> [Collection entries]:
[Start of Attachment]
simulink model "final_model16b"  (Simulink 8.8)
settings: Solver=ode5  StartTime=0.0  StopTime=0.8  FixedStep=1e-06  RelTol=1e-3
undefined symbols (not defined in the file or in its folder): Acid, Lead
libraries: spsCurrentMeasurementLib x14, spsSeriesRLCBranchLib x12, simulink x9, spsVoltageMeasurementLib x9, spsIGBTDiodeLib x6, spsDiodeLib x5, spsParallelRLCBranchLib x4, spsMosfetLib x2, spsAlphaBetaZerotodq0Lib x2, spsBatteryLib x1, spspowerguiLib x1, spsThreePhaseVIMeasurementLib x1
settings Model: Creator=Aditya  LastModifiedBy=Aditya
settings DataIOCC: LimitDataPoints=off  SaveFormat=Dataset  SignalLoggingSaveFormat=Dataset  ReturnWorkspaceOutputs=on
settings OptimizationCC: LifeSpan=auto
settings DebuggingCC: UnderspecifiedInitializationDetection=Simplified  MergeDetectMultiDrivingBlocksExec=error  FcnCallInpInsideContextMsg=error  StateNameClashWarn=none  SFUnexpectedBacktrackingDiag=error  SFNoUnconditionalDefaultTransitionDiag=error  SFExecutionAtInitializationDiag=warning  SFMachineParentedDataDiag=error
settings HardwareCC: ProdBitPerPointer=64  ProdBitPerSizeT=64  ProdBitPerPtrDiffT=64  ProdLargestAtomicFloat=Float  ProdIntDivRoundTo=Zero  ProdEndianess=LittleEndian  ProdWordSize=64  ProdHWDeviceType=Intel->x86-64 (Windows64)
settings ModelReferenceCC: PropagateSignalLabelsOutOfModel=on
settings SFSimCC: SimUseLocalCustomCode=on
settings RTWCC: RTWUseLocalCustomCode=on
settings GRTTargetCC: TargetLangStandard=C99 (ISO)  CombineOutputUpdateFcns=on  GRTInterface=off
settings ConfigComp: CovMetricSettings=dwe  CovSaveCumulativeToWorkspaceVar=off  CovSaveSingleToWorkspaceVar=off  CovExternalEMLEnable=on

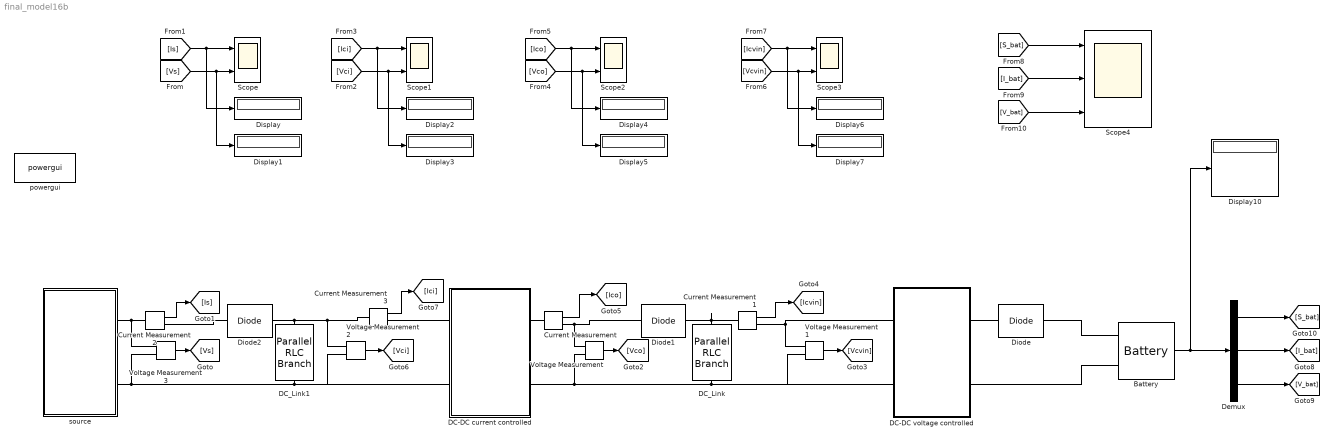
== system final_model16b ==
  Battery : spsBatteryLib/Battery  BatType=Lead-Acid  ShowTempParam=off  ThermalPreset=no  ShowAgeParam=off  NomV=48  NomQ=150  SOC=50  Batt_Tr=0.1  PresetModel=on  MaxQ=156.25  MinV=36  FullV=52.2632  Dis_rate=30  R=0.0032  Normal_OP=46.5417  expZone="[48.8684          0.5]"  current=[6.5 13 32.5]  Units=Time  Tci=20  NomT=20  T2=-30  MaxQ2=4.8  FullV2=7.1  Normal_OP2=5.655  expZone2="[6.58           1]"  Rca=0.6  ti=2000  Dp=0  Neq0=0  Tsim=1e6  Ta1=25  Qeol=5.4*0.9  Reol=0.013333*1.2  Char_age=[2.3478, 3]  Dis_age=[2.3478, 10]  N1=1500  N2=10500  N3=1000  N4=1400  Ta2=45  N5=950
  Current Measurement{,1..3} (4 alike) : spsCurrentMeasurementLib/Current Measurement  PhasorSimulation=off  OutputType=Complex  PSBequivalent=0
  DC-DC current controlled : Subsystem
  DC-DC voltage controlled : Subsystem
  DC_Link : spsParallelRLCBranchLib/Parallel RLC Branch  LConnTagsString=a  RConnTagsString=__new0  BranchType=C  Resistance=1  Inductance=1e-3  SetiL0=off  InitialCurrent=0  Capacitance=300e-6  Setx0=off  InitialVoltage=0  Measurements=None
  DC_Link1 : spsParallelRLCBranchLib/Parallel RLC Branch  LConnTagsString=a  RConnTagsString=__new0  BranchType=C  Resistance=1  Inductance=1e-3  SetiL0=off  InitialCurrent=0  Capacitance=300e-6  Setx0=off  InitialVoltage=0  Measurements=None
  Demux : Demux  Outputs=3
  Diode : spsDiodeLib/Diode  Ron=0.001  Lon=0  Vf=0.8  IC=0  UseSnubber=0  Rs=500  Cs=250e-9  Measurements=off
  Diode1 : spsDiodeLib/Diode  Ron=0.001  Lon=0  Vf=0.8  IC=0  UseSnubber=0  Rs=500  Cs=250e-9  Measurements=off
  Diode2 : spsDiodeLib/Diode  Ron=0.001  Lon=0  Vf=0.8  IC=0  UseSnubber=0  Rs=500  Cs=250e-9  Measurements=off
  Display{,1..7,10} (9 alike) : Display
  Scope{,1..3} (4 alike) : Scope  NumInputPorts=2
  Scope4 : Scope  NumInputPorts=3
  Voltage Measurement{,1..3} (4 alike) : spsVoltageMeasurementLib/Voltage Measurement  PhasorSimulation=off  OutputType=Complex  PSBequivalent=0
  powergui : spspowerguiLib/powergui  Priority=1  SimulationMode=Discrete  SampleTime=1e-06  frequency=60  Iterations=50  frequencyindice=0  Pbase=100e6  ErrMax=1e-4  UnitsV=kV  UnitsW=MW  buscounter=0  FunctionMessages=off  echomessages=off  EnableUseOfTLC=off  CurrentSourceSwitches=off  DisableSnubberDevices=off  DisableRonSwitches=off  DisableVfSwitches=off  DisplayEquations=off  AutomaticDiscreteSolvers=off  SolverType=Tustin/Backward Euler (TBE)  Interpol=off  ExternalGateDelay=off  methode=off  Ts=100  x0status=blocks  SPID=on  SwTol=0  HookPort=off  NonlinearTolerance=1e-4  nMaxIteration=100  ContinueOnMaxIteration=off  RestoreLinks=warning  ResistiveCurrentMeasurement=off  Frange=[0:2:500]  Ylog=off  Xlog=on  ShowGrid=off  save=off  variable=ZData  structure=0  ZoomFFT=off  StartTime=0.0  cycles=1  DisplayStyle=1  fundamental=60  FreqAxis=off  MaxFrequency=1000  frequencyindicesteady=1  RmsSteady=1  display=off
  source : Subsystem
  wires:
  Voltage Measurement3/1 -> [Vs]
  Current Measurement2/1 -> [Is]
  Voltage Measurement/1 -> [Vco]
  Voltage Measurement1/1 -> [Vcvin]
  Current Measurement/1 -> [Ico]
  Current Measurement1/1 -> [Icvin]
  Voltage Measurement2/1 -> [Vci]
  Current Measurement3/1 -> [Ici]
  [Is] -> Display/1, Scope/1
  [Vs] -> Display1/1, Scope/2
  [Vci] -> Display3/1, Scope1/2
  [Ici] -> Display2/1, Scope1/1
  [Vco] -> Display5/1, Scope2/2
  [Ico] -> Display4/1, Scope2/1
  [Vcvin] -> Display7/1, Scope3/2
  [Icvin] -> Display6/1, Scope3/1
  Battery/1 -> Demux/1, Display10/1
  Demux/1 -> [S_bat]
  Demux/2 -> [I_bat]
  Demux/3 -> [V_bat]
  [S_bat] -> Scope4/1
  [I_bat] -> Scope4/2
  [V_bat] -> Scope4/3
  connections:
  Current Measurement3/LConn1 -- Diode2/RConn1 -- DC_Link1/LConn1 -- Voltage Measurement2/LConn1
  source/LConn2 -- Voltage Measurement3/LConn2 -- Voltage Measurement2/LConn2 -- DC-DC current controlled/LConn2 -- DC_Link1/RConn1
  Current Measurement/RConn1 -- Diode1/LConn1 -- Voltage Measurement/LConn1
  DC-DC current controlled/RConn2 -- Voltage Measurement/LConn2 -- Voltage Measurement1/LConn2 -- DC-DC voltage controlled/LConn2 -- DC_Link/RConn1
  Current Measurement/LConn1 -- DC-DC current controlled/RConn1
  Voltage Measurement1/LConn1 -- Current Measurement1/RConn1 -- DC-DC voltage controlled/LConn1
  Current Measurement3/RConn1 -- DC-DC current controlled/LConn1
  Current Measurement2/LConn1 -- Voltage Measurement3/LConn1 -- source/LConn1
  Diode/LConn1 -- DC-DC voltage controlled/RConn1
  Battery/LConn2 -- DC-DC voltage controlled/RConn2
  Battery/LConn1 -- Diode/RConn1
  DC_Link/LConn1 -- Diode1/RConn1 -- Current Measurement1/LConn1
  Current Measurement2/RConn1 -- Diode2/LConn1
[End of Attachment]
> [Exercise brief]:
Every line above in which the word "Complex" is present must be copied into the answer.

> [Answer section]:
  Current Measurement{,1..3} (4 alike) : spsCurrentMeasurementLib/Current Measurement  PhasorSimulation=off  OutputType=Complex  PSBequivalent=0
  Voltage Measurement{,1..3} (4 alike) : spsVoltageMeasurementLib/Voltage Measurement  PhasorSimulation=off  OutputType=Complex  PSBequivalent=0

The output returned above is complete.